Umkämpfte Erinnerung


Wer war Matthias Erzberger? Mit dieser Frage konfrontierte das Haus der Geschichte Baden-Württemberg im Sommer 2004 Passanten in Stuttgart und Münsingen, zu dem Erzbergers Geburtsort Buttenhausen heute gehört. Ziel war es, kurz bevor für Matthias Erzberger (1875–1921) in seinem Elternhaus auf der Schwäbischen Alb eine Erinnerungsstätte eröffnet wurde, Äußerungen über diesen Wegbereiter der Demokratie zu sammeln.
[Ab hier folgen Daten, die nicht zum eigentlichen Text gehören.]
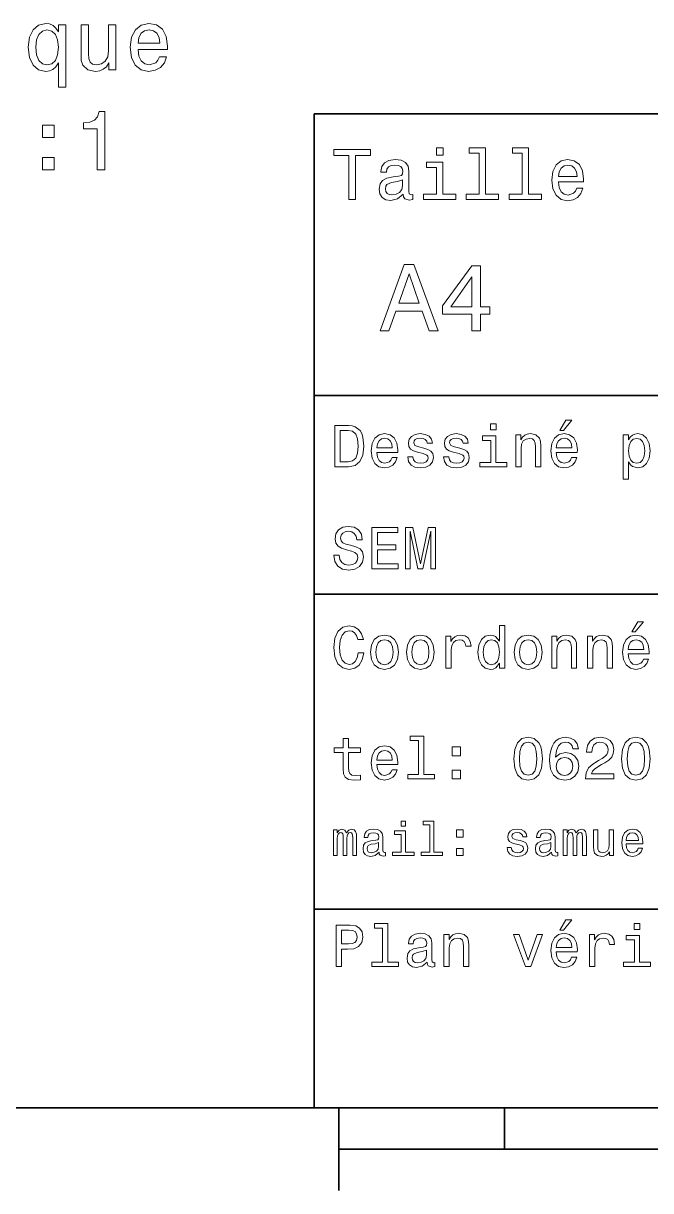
# Model space of a CAD drawing. Extents: x 0 to 297, y 0 to 210.
# Drawn here: x 79.4 to 117.3, y 5 to 75.5 of the extents above; entities that cross this region are included whole.
import ezdxf

# ---------------------------------------------------------------- set-up
doc = ezdxf.new("R2010")
doc.units = 0

msp = doc.modelspace()

# ---------------------------------------------------------------- linework, layer by layer
at = {"color": 7, "lineweight": 35}
for p, q in [((97, 10), (97, 70)), ((97, 70), (287, 70)), ((97, 53), (162, 53)), ((97, 41), (162, 41)), ((97, 22), (162, 22)), ((10, 10), (287, 10)), ((97, 10), (287, 10)), ((98.5, 7.5), (198.5, 7.5))]:
    msp.add_line(p, q, dxfattribs=at)
at = {"color": 7, "lineweight": 35, "ltscale": 0.125}
msp.add_line((98.5, 10), (98.5, 5), dxfattribs=at)
at = {"color": 7, "lineweight": 35, "ltscale": 0.0625}
msp.add_line((108.5, 10), (108.5, 7.5), dxfattribs=at)
at = {"color": 7, "lineweight": 13}
for points in [[(81.571091, 74.945999), (81.414749, 75.172943), (81.238235, 75.334328), (81.031464, 75.425102), (80.794434, 75.460403), (80.365753, 75.359543), (80.032898, 75.077118), (79.81604, 74.62323), (79.740395, 74.013), (79.81604, 73.397728), (80.032898, 72.943832), (80.365753, 72.656372), (80.794434, 72.560555), (81.031464, 72.590813), (81.233192, 72.676544), (81.409698, 72.832886), (81.571091, 73.069916), (81.571091, 71.607384), (82.014893, 71.607384), (82.014893, 75.364586), (81.571091, 75.364586)], [(86.367195, 73.881874), (88.14241, 73.881874), (88.147453, 74.088646), (88.066757, 74.668617), (87.844864, 75.102341), (87.491837, 75.364586), (87.022812, 75.460403), (86.563881, 75.359543), (86.210854, 75.077118), (85.98391, 74.618187), (85.903214, 74.013), (85.978867, 73.392685), (86.205811, 72.938789), (86.553795, 72.656372), (87.007683, 72.560555), (87.401062, 72.626114), (87.723824, 72.797585), (87.960854, 73.069916), (88.097023, 73.433029), (87.658264, 73.433029), (87.567482, 73.2313), (87.436356, 73.080002), (87.063156, 72.958969), (86.775696, 73.014442), (86.558838, 73.190956), (86.417625, 73.478416), (86.367195, 73.866745)], [(80.19429, 74.013), (80.23967, 74.461845), (80.38089, 74.789658), (80.592697, 74.991386), (80.870079, 75.061989), (81.162582, 74.991386), (81.384491, 74.794701), (81.51561, 74.466888), (81.56604, 74.013), (81.51561, 73.55407), (81.384491, 73.226257), (81.162582, 73.024529), (80.870079, 72.958969), (80.592697, 73.024529), (80.38089, 73.226257), (80.23967, 73.559113)], [(85.030739, 75.364586), (84.586937, 75.364586), (84.586937, 73.801186), (84.536499, 73.438072), (84.390251, 73.175827), (84.1633, 73.014442), (83.865753, 72.964012), (83.628723, 73.004356), (83.477425, 73.125389), (83.391693, 73.332161), (83.371521, 73.624672), (83.371521, 75.364586), (82.927719, 75.364586), (82.927719, 73.584328), (82.942841, 73.226257), (83.038666, 72.928703), (83.331177, 72.656372), (83.800194, 72.560555), (84.052353, 72.595856), (84.269211, 72.68663), (84.455811, 72.842972), (84.607109, 73.069916), (84.607109, 72.656372), (85.030739, 72.656372)], [(86.367195, 74.255074), (86.422668, 74.603058), (86.558838, 74.86026), (86.76561, 75.016602), (87.037949, 75.072075), (87.305237, 75.016602), (87.512009, 74.86026), (87.638092, 74.603058), (87.683472, 74.255074)], [(83.896011, 66.609543), (84.35495, 66.609543), (84.35495, 70.134758), (84.012009, 70.134758), (83.921234, 69.827126), (83.73967, 69.620346), (83.462296, 69.499313), (83.07901, 69.458969), (83.07901, 69.100899), (83.896011, 69.100899)], [(80.602783, 68.566315), (81.298752, 68.566315), (81.298752, 69.317757), (80.602783, 69.317757)], [(99.102303, 64.837173), (99.5, 64.837173), (99.5, 67.47406), (100.407784, 67.47406), (100.407784, 67.837173), (98.190201, 67.837173), (98.190201, 67.47406), (99.102303, 67.47406)], [(104.786743, 67.940918), (104.384727, 67.940918), (104.384727, 67.508644), (104.786743, 67.508644)], [(106.969742, 67.621033), (106.969742, 65.157059), (106.187317, 65.157059), (106.187317, 64.837173), (108.128242, 64.837173), (108.128242, 65.157059), (107.350143, 65.157059), (107.350143, 67.940918), (106.373199, 67.940918), (106.373199, 67.621033)], [(109.572044, 67.621033), (109.572044, 65.157059), (108.789627, 65.157059), (108.789627, 64.837173), (110.730545, 64.837173), (110.730545, 65.157059), (109.952454, 65.157059), (109.952454, 67.940918), (108.975502, 67.940918), (108.975502, 67.621033)], [(80.602783, 66.609543), (81.298752, 66.609543), (81.298752, 67.360985), (80.602783, 67.360985)], [(102.387611, 65.139771), (102.387611, 65.126801), (102.409225, 64.979828), (102.47406, 64.876076), (102.746399, 64.793945), (102.958214, 64.828529), (102.958214, 65.122475), (102.867432, 65.109505), (102.746399, 65.165703), (102.724785, 65.338615), (102.724785, 66.540344), (102.672913, 66.84726), (102.521614, 67.0634), (102.257927, 67.193085), (101.886169, 67.240631), (101.523056, 67.188759), (101.255043, 67.041786), (101.086456, 66.812675), (101.030258, 66.510086), (101.030258, 66.484146), (101.371758, 66.484146), (101.402016, 66.665703), (101.497116, 66.795387), (101.65274, 66.873199), (101.873199, 66.903458), (102.085014, 66.881844), (102.236313, 66.817001), (102.327087, 66.704605), (102.357346, 66.548988), (102.340057, 66.367432), (102.270897, 66.276657), (102.097984, 66.233429), (101.773773, 66.198845), (101.402016, 66.121033), (101.138329, 65.982704), (100.982712, 65.766571), (100.935158, 65.446686), (100.978386, 65.161385), (101.112389, 64.949562), (101.328529, 64.815559), (101.626801, 64.768013), (102.028816, 64.858788)], [(104.773773, 65.157059), (104.773773, 67.080688), (103.796829, 67.080688), (103.796829, 66.756485), (104.393372, 66.756485), (104.393372, 65.157059), (103.615273, 65.157059), (103.615273, 64.837173), (105.560516, 64.837173), (105.560516, 65.157059)], [(111.750717, 65.887604), (113.272339, 65.887604), (113.276657, 66.064842), (113.207497, 66.561958), (113.017288, 66.933716), (112.714699, 67.158501), (112.312683, 67.240631), (111.919312, 67.154175), (111.616714, 66.912102), (111.422188, 66.51873), (111.353027, 66), (111.41787, 65.4683), (111.612396, 65.079247), (111.91066, 64.837173), (112.299713, 64.755043), (112.636887, 64.811234), (112.913544, 64.958214), (113.116714, 65.191643), (113.233429, 65.502876), (112.857346, 65.502876), (112.779541, 65.329971), (112.667145, 65.200287), (112.34726, 65.096542), (112.100868, 65.144089), (111.914986, 65.295387), (111.793945, 65.541786), (111.750717, 65.874634)], [(111.750717, 66.207489), (111.798271, 66.50576), (111.914986, 66.726219), (112.092216, 66.860229), (112.325653, 66.907776), (112.554756, 66.860229), (112.731987, 66.726219), (112.840057, 66.50576), (112.878967, 66.207489)], [(102.344383, 65.649857), (102.292511, 65.425072), (102.154182, 65.252159), (101.946686, 65.139771), (101.691643, 65.100861), (101.527374, 65.122475), (101.41066, 65.191643), (101.337173, 65.312675), (101.315559, 65.481262), (101.332855, 65.632561), (101.402016, 65.740631), (101.678673, 65.861671), (102.028816, 65.913544), (102.344383, 66.017288)], [(100.982712, 56.9049), (101.51297, 56.9049), (101.933716, 58.080692), (103.530258, 58.080692), (103.951012, 56.9049), (104.492798, 56.9049), (103.028816, 60.910664), (102.440926, 60.910664)], [(106.521614, 56.9049), (107.040344, 56.9049), (107.040344, 57.896255), (107.610954, 57.896255), (107.610954, 58.357349), (107.040344, 58.357349), (107.040344, 60.818443), (106.515854, 60.818443), (104.763687, 58.403458), (104.763687, 57.896255), (106.521614, 57.896255)], [(102.118156, 58.570606), (102.734871, 60.334293), (103.351585, 58.570606)], [(105.247841, 58.357349), (106.521614, 60.149857), (106.521614, 58.357349)], [(111.84726, 50.88797), (112.059799, 50.88797), (112.560516, 51.500362), (112.207489, 51.500362)], [(99.080688, 51.190563), (98.248558, 51.190563), (98.248558, 48.690563), (99.080688, 48.690563), (99.473343, 48.769814), (99.765129, 49.011169), (99.945244, 49.40382), (100.010086, 49.940563), (99.952446, 50.488113), (99.880402, 50.70425), (99.779541, 50.877163), (99.487755, 51.111313), (99.296829, 51.168949)], [(99.055473, 50.891571), (99.329254, 50.837536), (99.516571, 50.671829), (99.628242, 50.376442), (99.664268, 49.940563), (99.624641, 49.519093), (99.51297, 49.223705), (99.322044, 49.047192), (99.055473, 48.989555), (98.583572, 48.989555), (98.583572, 50.891571)], [(107.992798, 51.27702), (107.657784, 51.27702), (107.657784, 50.916786), (107.992798, 50.916786)], [(100.784584, 49.565922), (102.052597, 49.565922), (102.056198, 49.713619), (101.998558, 50.127884), (101.840057, 50.437683), (101.587898, 50.625), (101.252884, 50.693443), (100.925072, 50.621399), (100.672913, 50.41967), (100.510803, 50.091862), (100.453171, 49.659584), (100.507202, 49.216499), (100.669312, 48.892292), (100.91787, 48.690563), (101.242073, 48.62212), (101.523056, 48.668949), (101.753601, 48.791428), (101.922913, 48.98595), (102.020172, 49.245319), (101.706772, 49.245319), (101.64193, 49.101227), (101.548271, 48.993156), (101.2817, 48.9067), (101.07637, 48.946327), (100.921471, 49.072407), (100.820602, 49.27774), (100.784584, 49.555115)], [(100.784584, 49.832493), (100.824211, 50.081055), (100.921471, 50.264771), (101.069168, 50.376442), (101.263687, 50.416069), (101.454613, 50.376442), (101.602303, 50.264771), (101.69236, 50.081055), (101.724785, 49.832493)], [(103.623199, 49.818085), (103.317001, 49.890129), (103.090057, 49.972984), (103.014412, 50.142292), (103.036026, 50.261169), (103.111671, 50.347622), (103.234146, 50.401657), (103.41066, 50.423271), (103.579971, 50.401657), (103.713257, 50.336815), (103.799713, 50.239555), (103.835732, 50.109871), (104.145531, 50.109871), (104.145531, 50.117077), (104.091499, 50.351227), (103.943802, 50.534943), (103.713257, 50.650219), (103.41066, 50.693443), (103.104469, 50.650219), (102.881126, 50.531342), (102.740631, 50.354828), (102.697403, 50.131485), (102.729828, 49.915348), (102.830688, 49.76405), (102.996399, 49.655983), (103.237755, 49.580334), (103.590775, 49.493877), (103.806915, 49.40382), (103.864555, 49.331772), (103.886169, 49.223705), (103.853745, 49.09042), (103.767288, 48.989555), (103.626801, 48.924713), (103.439484, 48.903099), (103.241356, 48.924713), (103.09726, 49.000362), (103, 49.122841), (102.960373, 49.292149), (102.654175, 49.292149), (102.704613, 49.003963), (102.852303, 48.795029), (103.086456, 48.668949), (103.41066, 48.62212), (103.749283, 48.668949), (103.997841, 48.795029), (104.149139, 48.996758), (104.203171, 49.259727), (104.163544, 49.486671), (104.051872, 49.641571), (103.868156, 49.742435)], [(105.791786, 49.818085), (105.485588, 49.890129), (105.258644, 49.972984), (105.182999, 50.142292), (105.204613, 50.261169), (105.280258, 50.347622), (105.40274, 50.401657), (105.579254, 50.423271), (105.748558, 50.401657), (105.881844, 50.336815), (105.9683, 50.239555), (106.004326, 50.109871), (106.314117, 50.109871), (106.314117, 50.117077), (106.260086, 50.351227), (106.112396, 50.534943), (105.881844, 50.650219), (105.579254, 50.693443), (105.273056, 50.650219), (105.049713, 50.531342), (104.909225, 50.354828), (104.865997, 50.131485), (104.898415, 49.915348), (104.999283, 49.76405), (105.164986, 49.655983), (105.406342, 49.580334), (105.759369, 49.493877), (105.975502, 49.40382), (106.033142, 49.331772), (106.054756, 49.223705), (106.022339, 49.09042), (105.935883, 48.989555), (105.795387, 48.924713), (105.60807, 48.903099), (105.409943, 48.924713), (105.265854, 49.000362), (105.168587, 49.122841), (105.12896, 49.292149), (104.822769, 49.292149), (104.873199, 49.003963), (105.020897, 48.795029), (105.255043, 48.668949), (105.579254, 48.62212), (105.91787, 48.668949), (106.166428, 48.795029), (106.317726, 48.996758), (106.371758, 49.259727), (106.33213, 49.486671), (106.220459, 49.641571), (106.036743, 49.742435)], [(107.981987, 48.957134), (107.981987, 50.560158), (107.16787, 50.560158), (107.16787, 50.289986), (107.664986, 50.289986), (107.664986, 48.957134), (107.016571, 48.957134), (107.016571, 48.690563), (108.637611, 48.690563), (108.637611, 48.957134)], [(109.181557, 48.690563), (109.498558, 48.690563), (109.498558, 49.807278), (109.530983, 50.063042), (109.635445, 50.250362), (109.797546, 50.365635), (110.013687, 50.408863), (110.1866, 50.372841), (110.29467, 50.275578), (110.348701, 50.113472), (110.366714, 49.897335), (110.366714, 48.690563), (110.683716, 48.690563), (110.683716, 49.962177), (110.669312, 50.217941), (110.604469, 50.430477), (110.39193, 50.625), (110.060516, 50.693443), (109.876801, 50.668228), (109.721901, 50.599785), (109.588615, 50.484512), (109.484146, 50.329613), (109.484146, 50.625), (109.181557, 50.625)], [(111.627518, 49.565922), (112.895531, 49.565922), (112.899132, 49.713619), (112.841499, 50.127884), (112.682999, 50.437683), (112.430832, 50.625), (112.095825, 50.693443), (111.768013, 50.621399), (111.515854, 50.41967), (111.353745, 50.091862), (111.296112, 49.659584), (111.350143, 49.216499), (111.512245, 48.892292), (111.760803, 48.690563), (112.085014, 48.62212), (112.365997, 48.668949), (112.596542, 48.791428), (112.765854, 48.98595), (112.863113, 49.245319), (112.549713, 49.245319), (112.484871, 49.101227), (112.391212, 48.993156), (112.124641, 48.9067), (111.919312, 48.946327), (111.764412, 49.072407), (111.663544, 49.27774), (111.627518, 49.555115)], [(111.627518, 49.832493), (111.667145, 50.081055), (111.764412, 50.264771), (111.912102, 50.376442), (112.106628, 50.416069), (112.297546, 50.376442), (112.445244, 50.264771), (112.535301, 50.081055), (112.567726, 49.832493)], [(115.986313, 50.326012), (115.986313, 50.625), (115.669312, 50.625), (115.669312, 47.941284), (115.986313, 47.941284), (115.986313, 48.98595), (116.097984, 48.816643), (116.22406, 48.704971), (116.541069, 48.62212), (116.843658, 48.690563), (117.081413, 48.895893), (117.236313, 49.2201), (117.293945, 49.659584), (117.236313, 50.095463), (117.081413, 50.41967), (116.843658, 50.621399), (116.541069, 50.693443), (116.368156, 50.671829), (116.220459, 50.603386), (116.094383, 50.488113)], [(116.48703, 48.9067), (116.274498, 48.953533), (116.119598, 49.097622), (116.022339, 49.331772), (115.989914, 49.659584), (116.022339, 49.983791), (116.119598, 50.217941), (116.274498, 50.358429), (116.48703, 50.408863), (116.681557, 50.358429), (116.836456, 50.21434), (116.933716, 49.98019), (116.969742, 49.659584), (116.933716, 49.335377), (116.836456, 49.097622), (116.681557, 48.953533)], [(98.515129, 43.355907), (98.187317, 43.355907), (98.259369, 42.974064), (98.439484, 42.693085), (98.716858, 42.523773), (99.091499, 42.462536), (99.46254, 42.520172), (99.739914, 42.678673), (99.916428, 42.927231), (99.98127, 43.255043), (99.927231, 43.55043), (99.77594, 43.741352), (99.530983, 43.867435), (99.203171, 43.961094), (98.922188, 44.029537), (98.738472, 44.108788), (98.634003, 44.224064), (98.601585, 44.404179), (98.634003, 44.56628), (98.727669, 44.688759), (98.871758, 44.771614), (99.069885, 44.80043), (99.271614, 44.764408), (99.430115, 44.667145), (99.534584, 44.505043), (99.585014, 44.285301), (99.912827, 44.285301), (99.912827, 44.292507), (99.855186, 44.631123), (99.685883, 44.883286), (99.419312, 45.041786), (99.059074, 45.095821), (98.734871, 45.041786), (98.482712, 44.890488), (98.320602, 44.656338), (98.26297, 44.353745), (98.309799, 44.083572), (98.446686, 43.899857), (98.662827, 43.777378), (98.958214, 43.683716), (99.25, 43.600864), (99.469742, 43.521614), (99.603027, 43.406338), (99.649857, 43.219021), (99.606628, 43.028099), (99.494957, 42.884007), (99.325645, 42.793949), (99.105911, 42.765129), (98.860954, 42.804756), (98.67363, 42.920029), (98.554756, 43.107349)], [(100.496399, 42.530979), (102.081413, 42.530979), (102.081413, 42.833572), (100.827812, 42.833572), (100.827812, 43.680115), (101.944527, 43.680115), (101.944527, 43.979107), (100.827812, 43.979107), (100.827812, 44.728386), (102.052597, 44.728386), (102.052597, 45.030979), (100.496399, 45.030979)], [(102.520897, 42.530979), (102.798271, 42.530979), (102.798271, 44.80043), (103.266571, 42.530979), (103.57637, 42.530979), (104.041069, 44.80043), (104.041069, 42.530979), (104.322044, 42.530979), (104.322044, 45.030979), (103.882568, 45.030979), (103.421471, 42.826366), (102.963974, 45.030979), (102.520897, 45.030979)], [(99.66787, 37.460373), (99.595818, 37.15778), (99.476944, 36.941643), (99.311241, 36.808357), (99.116714, 36.765129), (98.882568, 36.829971), (98.698845, 37.024494), (98.57637, 37.341499), (98.536743, 37.780979), (98.57637, 38.216858), (98.695244, 38.537464), (98.87896, 38.731987), (99.116714, 38.80043), (99.289627, 38.764408), (99.437317, 38.663544), (99.552597, 38.501442), (99.631844, 38.278099), (99.97406, 38.278099), (99.865997, 38.620316), (99.678673, 38.879681), (99.422913, 39.041786), (99.116714, 39.099422), (98.734871, 39.009365), (98.443085, 38.757202), (98.25576, 38.342937), (98.190926, 37.780979), (98.25576, 37.219021), (98.443085, 36.804756), (98.734871, 36.548992), (99.116714, 36.462536), (99.451729, 36.530979), (99.721901, 36.721901), (99.912827, 37.035301), (100.013687, 37.460373)], [(108.201729, 36.829971), (108.201729, 36.530979), (108.51873, 36.530979), (108.51873, 39.117435), (108.20533, 39.117435), (108.20533, 38.170029), (107.963974, 38.443802), (107.816284, 38.508644), (107.646973, 38.533859), (107.340775, 38.461815), (107.103027, 38.260086), (106.948128, 37.935879), (106.894089, 37.5), (106.948128, 37.064121), (107.103027, 36.736309), (107.340775, 36.530979), (107.646973, 36.462536), (107.816284, 36.487751), (107.967575, 36.552593)], [(116.184441, 38.728386), (116.396973, 38.728386), (116.897697, 39.340778), (116.54467, 39.340778)], [(100.413544, 37.496399), (100.471184, 37.056915), (100.636887, 36.732708), (100.899857, 36.530979), (101.252884, 36.462536), (101.602303, 36.530979), (101.865273, 36.729107), (102.030983, 37.053314), (102.092216, 37.496399), (102.030983, 37.935879), (101.865273, 38.263687), (101.602303, 38.461815), (101.252884, 38.533859), (100.899857, 38.461815), (100.636887, 38.260086), (100.471184, 37.935879)], [(100.737755, 37.5), (100.770172, 37.824207), (100.87104, 38.058357), (101.033142, 38.20245), (101.252884, 38.25288), (101.469017, 38.20245), (101.631126, 38.061958), (101.731987, 37.824207), (101.768013, 37.5), (101.731987, 37.172188), (101.631126, 36.934437), (101.469017, 36.790344), (101.252884, 36.743515), (101.033142, 36.790344), (100.87104, 36.934437), (100.770172, 37.172188)], [(102.58213, 37.496399), (102.639771, 37.056915), (102.805473, 36.732708), (103.068443, 36.530979), (103.421471, 36.462536), (103.770897, 36.530979), (104.033859, 36.729107), (104.19957, 37.053314), (104.260803, 37.496399), (104.19957, 37.935879), (104.033859, 38.263687), (103.770897, 38.461815), (103.421471, 38.533859), (103.068443, 38.461815), (102.805473, 38.260086), (102.639771, 37.935879)], [(102.906342, 37.5), (102.938759, 37.824207), (103.039627, 38.058357), (103.201729, 38.20245), (103.421471, 38.25288), (103.637611, 38.20245), (103.799713, 38.061958), (103.900574, 37.824207), (103.9366, 37.5), (103.900574, 37.172188), (103.799713, 36.934437), (103.637611, 36.790344), (103.421471, 36.743515), (103.201729, 36.790344), (103.039627, 36.934437), (102.938759, 37.172188)], [(104.963257, 36.530979), (105.280258, 36.530979), (105.280258, 37.636887), (105.312683, 37.903458), (105.409943, 38.094379), (105.568443, 38.209652), (105.780983, 38.249279), (105.939484, 38.224064), (106.058357, 38.152016), (106.130402, 38.029537), (106.155617, 37.863831), (106.476227, 37.863831), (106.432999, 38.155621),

Abb. 1: Matthias Erzberger vor 1918.

Viele konnten mit dem Namen Erzberger überhaupt nichts anfangen. Andere stellten Verbindungen zum Ende des Ersten Weltkrieges und der Unterzeichnung des Waffenstillstandes von Compiègne her und wussten, dass Erzberger zu Beginn der Weimarer Republik von rechten Kreisen bei Bad Griesbach im Schwarzwald ermordet wurde. Dass Erzberger einer der bedeutendsten Finanzreformer der deutschen Geschichte war, nannte keiner der Befragten. Die Interviewer erhielten aber auch ganz ausgefallene Antworten. Ein älterer Herr erklärte, selbstverständlich kenne er Erzberger. Das sei doch „der Jude aus Buttenhausen, der ist 1936 nach Amerika emigriert, der Rest seiner Familie hat’s wohl nicht geschafft, die Nazis haben sie dann umgebracht!“

Auch wenn diese Antwort ebenso falsch war wie die Umfrage nicht repräsentativ, so spiegelten sich doch selbst in dieser Äußerung unterschiedliche Schichten der wechselvollen Erinnerung an diesen 1921 ermordeten Wegbereiter der Demokratie in Deutschland, der einer der umstrittensten Politiker seiner Zeit war.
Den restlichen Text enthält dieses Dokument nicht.